Ma tornando ai ponti lungo il fiume Serchio dobbiamo, ahimè, ricordare anche tempi infausti, dove l’uomo invece di unire costruendo ponti, li ha distrutti dividendo le popolazioni con il flagello della guerra. Buona parte di questi, nello scorcio d’estate del 1944, vennero fatti saltare dalle truppe tedesche in ritirata. Pochi furono i ponti che si salvarono inspiegabilmente dalla distruzione. Fra questi proprio il ponte San Pietro citato all’inizio, dove si svolse una piccola scaramuccia fra soldati alleati della divisione buffalo e una postazione di miragliatrice dei tedeschi. Questa scaramuccia è visibile on line in un raro filmato delle combat camera. L’altro fu il celeberrimo ponte detto “del diavolo” a Borgo a Mozzano.

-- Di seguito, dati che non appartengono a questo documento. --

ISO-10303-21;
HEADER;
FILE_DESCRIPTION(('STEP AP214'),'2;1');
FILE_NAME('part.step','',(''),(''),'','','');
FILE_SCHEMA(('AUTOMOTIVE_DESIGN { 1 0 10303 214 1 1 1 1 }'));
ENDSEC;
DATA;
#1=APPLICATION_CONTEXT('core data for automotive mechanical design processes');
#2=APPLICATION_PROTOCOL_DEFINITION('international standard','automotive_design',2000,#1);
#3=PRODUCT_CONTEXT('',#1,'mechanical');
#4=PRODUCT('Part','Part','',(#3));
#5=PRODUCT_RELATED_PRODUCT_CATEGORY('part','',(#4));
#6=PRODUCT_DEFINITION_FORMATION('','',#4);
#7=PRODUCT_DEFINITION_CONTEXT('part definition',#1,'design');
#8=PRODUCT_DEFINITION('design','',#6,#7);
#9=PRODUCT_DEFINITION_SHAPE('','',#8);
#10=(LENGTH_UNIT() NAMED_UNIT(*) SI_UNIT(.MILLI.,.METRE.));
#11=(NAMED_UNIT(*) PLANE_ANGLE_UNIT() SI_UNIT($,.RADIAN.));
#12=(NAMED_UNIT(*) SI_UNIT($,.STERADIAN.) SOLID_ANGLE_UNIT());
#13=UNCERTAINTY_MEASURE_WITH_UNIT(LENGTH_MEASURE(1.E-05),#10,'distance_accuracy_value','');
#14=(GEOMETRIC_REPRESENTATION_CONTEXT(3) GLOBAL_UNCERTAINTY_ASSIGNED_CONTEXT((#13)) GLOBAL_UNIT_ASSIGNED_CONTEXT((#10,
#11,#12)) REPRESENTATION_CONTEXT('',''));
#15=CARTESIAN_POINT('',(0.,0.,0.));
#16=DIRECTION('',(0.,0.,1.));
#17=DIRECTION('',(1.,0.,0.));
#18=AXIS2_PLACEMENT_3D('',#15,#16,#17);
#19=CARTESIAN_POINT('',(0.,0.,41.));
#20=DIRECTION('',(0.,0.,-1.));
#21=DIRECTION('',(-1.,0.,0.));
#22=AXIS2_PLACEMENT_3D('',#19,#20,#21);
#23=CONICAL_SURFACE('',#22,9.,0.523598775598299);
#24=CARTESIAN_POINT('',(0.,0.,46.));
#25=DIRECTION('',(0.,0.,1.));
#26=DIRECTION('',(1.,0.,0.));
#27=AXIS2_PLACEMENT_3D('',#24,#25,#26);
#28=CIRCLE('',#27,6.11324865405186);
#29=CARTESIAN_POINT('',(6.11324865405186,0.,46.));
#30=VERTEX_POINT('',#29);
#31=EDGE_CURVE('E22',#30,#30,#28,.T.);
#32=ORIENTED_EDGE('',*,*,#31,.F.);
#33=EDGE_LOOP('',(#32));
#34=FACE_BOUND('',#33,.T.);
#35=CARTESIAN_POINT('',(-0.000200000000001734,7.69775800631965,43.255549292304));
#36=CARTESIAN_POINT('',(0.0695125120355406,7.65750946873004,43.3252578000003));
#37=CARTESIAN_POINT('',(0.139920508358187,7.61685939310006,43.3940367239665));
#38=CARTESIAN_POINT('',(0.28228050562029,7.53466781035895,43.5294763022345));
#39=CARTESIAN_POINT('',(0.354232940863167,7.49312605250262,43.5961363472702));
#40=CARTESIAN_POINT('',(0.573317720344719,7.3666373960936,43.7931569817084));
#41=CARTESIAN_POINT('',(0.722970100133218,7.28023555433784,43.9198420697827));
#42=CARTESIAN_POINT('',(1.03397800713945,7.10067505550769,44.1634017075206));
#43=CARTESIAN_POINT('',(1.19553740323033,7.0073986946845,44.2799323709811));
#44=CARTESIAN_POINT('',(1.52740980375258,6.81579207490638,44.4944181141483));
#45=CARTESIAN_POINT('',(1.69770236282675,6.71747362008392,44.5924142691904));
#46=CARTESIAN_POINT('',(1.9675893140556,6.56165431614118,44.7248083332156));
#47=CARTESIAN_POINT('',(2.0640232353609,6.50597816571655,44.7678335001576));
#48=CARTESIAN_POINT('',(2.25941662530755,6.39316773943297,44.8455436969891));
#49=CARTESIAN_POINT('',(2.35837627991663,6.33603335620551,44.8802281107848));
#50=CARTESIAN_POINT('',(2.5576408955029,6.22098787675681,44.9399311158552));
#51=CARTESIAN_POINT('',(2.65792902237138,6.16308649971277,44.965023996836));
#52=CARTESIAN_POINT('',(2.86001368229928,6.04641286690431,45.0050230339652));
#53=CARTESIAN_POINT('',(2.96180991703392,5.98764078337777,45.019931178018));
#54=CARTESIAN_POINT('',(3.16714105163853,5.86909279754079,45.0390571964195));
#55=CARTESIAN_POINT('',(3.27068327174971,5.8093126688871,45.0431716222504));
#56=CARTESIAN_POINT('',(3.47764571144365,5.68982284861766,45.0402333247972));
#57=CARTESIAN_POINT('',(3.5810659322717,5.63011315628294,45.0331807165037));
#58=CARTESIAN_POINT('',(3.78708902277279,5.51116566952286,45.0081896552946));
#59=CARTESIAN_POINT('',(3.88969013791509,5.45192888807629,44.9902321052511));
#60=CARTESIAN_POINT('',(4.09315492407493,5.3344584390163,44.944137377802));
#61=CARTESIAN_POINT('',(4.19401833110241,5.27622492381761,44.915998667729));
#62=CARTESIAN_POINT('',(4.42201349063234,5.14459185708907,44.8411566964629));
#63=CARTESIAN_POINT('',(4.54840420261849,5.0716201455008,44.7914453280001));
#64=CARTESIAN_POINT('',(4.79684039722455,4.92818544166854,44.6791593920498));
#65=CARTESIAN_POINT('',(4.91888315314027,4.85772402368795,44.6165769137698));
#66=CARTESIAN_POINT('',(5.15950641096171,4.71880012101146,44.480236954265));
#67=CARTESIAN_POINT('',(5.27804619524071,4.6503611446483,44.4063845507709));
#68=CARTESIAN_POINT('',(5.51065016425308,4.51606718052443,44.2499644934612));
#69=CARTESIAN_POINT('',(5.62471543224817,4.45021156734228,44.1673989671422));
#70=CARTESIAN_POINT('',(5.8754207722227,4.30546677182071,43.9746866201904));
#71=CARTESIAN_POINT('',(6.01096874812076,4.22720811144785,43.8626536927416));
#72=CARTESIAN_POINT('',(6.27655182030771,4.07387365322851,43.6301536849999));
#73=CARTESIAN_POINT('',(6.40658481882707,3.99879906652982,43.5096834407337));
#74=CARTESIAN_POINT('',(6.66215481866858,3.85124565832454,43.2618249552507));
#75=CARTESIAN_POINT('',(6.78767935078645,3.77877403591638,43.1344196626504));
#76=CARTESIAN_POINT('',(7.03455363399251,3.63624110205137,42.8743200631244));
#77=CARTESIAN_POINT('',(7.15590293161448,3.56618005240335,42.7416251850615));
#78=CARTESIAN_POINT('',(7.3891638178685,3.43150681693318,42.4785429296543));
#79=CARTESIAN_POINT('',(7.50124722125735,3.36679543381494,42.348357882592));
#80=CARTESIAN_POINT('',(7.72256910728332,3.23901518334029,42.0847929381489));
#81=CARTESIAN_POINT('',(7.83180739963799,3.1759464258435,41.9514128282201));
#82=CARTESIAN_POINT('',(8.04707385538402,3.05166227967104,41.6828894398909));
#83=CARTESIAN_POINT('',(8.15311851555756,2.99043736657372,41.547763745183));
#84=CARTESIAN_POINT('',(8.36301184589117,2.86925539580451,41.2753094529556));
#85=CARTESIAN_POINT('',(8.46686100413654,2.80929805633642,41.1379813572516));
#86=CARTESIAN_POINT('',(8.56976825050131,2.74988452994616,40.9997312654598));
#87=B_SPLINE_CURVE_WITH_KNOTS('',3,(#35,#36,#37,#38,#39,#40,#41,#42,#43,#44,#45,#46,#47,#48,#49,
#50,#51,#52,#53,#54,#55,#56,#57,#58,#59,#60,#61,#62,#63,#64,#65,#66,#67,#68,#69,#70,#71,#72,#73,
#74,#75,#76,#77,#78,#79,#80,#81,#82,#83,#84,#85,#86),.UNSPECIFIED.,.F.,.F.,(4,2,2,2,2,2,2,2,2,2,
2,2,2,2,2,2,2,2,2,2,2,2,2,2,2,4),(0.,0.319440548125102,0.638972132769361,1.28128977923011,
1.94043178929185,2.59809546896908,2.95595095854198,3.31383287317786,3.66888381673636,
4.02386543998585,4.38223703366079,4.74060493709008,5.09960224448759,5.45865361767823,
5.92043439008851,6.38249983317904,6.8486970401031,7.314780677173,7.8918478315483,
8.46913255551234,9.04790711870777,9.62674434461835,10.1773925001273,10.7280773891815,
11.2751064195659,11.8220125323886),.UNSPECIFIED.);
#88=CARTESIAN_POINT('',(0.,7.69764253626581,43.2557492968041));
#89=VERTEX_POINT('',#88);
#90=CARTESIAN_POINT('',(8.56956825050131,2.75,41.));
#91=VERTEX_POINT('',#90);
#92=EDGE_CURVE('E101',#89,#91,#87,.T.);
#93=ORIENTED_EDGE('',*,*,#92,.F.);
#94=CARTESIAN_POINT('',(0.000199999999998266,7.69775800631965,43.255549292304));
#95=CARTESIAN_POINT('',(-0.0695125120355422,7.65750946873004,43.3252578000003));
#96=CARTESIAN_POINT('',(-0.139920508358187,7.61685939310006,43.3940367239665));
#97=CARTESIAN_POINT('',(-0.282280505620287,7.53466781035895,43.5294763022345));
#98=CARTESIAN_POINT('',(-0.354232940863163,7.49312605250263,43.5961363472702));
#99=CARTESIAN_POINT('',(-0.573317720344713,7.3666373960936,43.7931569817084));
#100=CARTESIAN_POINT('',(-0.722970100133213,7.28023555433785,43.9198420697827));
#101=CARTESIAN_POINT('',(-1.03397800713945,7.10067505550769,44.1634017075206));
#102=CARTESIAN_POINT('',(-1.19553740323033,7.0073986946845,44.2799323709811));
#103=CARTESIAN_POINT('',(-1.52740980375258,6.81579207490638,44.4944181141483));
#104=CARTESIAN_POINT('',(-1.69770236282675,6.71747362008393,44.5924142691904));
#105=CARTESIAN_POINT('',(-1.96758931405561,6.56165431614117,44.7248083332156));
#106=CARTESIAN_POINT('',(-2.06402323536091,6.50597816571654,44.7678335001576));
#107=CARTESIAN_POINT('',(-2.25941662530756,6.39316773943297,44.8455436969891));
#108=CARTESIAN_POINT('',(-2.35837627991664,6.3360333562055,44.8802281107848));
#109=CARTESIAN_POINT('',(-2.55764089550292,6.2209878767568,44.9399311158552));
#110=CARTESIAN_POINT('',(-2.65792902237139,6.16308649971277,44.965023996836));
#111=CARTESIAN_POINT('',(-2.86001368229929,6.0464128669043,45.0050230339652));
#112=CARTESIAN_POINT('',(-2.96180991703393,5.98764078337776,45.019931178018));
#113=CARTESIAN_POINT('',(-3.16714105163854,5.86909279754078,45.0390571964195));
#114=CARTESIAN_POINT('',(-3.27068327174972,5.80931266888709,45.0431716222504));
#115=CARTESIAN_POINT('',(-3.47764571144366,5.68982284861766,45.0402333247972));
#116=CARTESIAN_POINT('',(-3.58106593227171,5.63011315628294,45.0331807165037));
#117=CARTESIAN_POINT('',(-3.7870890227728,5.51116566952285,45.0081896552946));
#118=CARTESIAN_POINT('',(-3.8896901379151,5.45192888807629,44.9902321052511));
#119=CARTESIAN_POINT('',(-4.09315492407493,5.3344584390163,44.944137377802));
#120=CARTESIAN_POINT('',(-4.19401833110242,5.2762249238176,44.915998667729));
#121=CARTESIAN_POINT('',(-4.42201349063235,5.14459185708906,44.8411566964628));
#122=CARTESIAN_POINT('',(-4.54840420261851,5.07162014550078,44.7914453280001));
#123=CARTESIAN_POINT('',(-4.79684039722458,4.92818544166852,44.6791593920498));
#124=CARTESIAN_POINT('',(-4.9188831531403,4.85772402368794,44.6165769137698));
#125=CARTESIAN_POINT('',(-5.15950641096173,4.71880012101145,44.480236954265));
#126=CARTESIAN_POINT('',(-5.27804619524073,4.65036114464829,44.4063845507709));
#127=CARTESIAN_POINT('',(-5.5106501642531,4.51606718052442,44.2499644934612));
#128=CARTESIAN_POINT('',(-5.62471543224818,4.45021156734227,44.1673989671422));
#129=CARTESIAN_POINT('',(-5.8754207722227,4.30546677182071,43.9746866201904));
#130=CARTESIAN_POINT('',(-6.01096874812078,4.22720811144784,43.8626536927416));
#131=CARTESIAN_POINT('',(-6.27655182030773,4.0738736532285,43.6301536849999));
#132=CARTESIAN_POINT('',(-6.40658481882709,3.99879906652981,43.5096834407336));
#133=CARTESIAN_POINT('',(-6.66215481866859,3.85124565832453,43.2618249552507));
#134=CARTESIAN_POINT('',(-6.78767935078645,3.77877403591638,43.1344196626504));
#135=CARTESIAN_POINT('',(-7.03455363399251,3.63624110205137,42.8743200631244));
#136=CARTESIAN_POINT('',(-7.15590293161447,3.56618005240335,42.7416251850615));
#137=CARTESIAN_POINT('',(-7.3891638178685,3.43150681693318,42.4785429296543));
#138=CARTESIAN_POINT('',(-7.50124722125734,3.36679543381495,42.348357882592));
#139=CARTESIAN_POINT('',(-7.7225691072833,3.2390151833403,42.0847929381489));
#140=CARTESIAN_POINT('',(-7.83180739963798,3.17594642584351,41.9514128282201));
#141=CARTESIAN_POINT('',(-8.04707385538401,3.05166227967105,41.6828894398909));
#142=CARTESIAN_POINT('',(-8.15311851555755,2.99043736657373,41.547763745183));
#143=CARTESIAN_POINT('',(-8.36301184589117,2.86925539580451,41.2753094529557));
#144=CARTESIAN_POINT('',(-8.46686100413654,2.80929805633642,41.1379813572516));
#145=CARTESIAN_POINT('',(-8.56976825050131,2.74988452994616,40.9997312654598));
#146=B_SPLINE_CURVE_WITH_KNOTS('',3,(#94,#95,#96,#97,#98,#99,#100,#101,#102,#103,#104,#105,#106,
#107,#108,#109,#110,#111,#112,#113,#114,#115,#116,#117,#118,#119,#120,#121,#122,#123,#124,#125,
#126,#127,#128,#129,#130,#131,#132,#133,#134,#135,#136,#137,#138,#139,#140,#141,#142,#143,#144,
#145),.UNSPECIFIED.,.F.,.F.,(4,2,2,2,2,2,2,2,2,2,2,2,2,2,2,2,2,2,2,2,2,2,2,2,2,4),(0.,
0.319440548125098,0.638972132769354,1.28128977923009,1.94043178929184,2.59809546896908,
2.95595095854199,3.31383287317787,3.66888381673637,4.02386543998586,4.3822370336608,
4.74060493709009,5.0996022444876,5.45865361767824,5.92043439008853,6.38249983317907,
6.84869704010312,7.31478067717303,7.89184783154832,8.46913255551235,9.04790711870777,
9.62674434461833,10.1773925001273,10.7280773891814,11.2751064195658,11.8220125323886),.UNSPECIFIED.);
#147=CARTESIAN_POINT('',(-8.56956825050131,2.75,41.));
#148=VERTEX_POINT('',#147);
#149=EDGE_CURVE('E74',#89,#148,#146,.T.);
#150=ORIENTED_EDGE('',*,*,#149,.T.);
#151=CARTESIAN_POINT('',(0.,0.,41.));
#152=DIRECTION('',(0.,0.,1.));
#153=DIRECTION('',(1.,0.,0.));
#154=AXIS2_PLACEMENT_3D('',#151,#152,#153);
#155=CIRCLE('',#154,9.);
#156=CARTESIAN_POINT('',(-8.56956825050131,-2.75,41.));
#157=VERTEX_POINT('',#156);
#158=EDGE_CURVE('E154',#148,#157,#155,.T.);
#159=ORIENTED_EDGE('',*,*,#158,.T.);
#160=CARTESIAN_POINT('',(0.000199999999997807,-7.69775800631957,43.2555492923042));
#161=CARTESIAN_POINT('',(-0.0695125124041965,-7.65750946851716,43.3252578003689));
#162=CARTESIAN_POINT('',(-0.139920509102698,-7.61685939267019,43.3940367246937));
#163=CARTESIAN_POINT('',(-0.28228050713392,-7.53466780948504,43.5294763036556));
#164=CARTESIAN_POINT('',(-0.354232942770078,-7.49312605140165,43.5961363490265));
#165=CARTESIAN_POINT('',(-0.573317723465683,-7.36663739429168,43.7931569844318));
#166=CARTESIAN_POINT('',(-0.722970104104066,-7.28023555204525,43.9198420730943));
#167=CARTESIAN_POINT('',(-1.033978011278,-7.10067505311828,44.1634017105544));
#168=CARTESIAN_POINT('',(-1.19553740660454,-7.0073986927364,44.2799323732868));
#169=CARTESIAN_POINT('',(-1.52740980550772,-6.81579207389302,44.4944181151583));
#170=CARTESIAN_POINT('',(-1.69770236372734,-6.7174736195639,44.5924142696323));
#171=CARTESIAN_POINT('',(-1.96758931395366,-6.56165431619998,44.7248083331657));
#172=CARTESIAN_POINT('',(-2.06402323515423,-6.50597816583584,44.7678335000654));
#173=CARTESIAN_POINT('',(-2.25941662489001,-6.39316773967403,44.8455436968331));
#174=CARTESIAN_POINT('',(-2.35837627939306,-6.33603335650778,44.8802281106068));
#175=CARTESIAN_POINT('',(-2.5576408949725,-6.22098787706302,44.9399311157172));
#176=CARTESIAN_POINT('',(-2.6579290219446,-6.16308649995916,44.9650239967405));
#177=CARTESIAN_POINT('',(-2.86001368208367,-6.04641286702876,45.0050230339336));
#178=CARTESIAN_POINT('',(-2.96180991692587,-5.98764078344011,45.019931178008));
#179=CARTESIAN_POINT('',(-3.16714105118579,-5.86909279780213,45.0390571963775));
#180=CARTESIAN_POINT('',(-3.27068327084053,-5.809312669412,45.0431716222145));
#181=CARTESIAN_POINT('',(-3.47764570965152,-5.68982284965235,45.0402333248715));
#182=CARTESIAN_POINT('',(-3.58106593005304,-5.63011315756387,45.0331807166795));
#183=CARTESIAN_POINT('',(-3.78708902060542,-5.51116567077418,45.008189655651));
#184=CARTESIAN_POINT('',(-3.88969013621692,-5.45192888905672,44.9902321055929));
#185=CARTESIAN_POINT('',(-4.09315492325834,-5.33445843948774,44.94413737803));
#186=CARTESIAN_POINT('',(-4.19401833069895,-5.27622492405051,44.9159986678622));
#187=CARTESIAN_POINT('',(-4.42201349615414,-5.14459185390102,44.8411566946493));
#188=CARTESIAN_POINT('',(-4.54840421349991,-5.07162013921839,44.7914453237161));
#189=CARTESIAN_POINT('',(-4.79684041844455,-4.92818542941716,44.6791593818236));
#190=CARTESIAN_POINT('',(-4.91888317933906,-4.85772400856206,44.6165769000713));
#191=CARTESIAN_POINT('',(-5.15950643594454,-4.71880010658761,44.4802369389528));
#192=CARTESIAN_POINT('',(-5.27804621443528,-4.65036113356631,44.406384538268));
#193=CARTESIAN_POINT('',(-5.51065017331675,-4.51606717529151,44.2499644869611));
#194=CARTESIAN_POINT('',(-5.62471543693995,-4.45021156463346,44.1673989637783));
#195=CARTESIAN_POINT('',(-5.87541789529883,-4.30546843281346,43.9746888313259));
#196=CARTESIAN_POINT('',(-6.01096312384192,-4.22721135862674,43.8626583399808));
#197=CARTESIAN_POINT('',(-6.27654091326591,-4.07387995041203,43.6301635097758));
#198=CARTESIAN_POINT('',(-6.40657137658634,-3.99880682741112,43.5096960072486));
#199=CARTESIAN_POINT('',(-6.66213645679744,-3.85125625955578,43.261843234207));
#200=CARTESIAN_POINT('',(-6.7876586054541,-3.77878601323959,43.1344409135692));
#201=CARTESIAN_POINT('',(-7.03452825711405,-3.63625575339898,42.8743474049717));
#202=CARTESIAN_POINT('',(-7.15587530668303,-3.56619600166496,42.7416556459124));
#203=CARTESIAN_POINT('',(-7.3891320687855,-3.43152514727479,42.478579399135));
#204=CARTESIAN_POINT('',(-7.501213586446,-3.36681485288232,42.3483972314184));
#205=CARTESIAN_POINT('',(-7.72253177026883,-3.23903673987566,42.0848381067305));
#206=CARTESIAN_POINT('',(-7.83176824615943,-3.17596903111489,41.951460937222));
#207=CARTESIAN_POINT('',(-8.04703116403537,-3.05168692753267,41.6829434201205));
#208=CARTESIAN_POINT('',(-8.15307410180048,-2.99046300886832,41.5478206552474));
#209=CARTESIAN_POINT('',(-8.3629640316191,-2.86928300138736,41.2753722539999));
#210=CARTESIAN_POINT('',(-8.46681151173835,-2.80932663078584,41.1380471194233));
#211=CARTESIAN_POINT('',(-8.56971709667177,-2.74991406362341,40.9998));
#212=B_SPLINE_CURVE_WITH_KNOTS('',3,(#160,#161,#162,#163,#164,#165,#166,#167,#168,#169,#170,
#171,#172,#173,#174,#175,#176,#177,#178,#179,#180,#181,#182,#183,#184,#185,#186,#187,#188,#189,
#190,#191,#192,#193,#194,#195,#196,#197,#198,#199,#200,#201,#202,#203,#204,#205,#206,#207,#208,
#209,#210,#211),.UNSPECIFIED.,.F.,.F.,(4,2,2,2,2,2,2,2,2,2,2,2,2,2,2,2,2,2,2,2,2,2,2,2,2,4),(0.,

La leggenda che vuole il famoso ponte medioevale risalente al tempo della Contessa Matilde di Canossa, costruito grazie all’abilità del diavolo, ma salvato dalla maledizione grazie alla furbizia degli abitanti del luogo, è nota a tutti o quasi. Pochi invece lo ricordano con il suo vero nome: Ponte della Maddalena. La dedicazione del ponte alla donna peccatrice e penitente, così come la tradizione popolare l’ha identificata sino ad oggi, non è l’unica in Italia. In Liguria ed in Campania si trovano altri due esempi, edificati tuttavia in tempi più recenti. Secondo gli storici esisteva Fra il XIV e XV secolo sulla riva sinistra del ponte un romitorio oppure un edicola a lei dedicata. Pochi sanno però che nel paese di Borgo a Mozzano, nella chiesa dedicata al santo pellegrino Jacopo, fra le numerose sculture rinascimentali di indicibile bellezza ed importanza (annunciazione in terracotta invetriata di Buglioni, lo strepitoso San bernardino di Matteo Civitali, San Antonio e Santo Pellegrino di artisti fiorentini) si trova una scultura della Maddalena penitente in terracotta invetriata attribuita ad Andrea della Robbia. Il volto invecchiato e sofferente, i capelli fluenti a ciocche che ricoprono interamente il corpo, le mani giunte in segno di preghiera e di perdono. Un opera di eccezionale bellezza che si accosta nell’iconografia al celebre esempio donatelliano in legno policromo conservato nel museo dell’opera del duomo di Firenze. Basterebbe una sosta per ammirare queste meraviglie, a giustificare una gita lungo la mediavalle del Serchio.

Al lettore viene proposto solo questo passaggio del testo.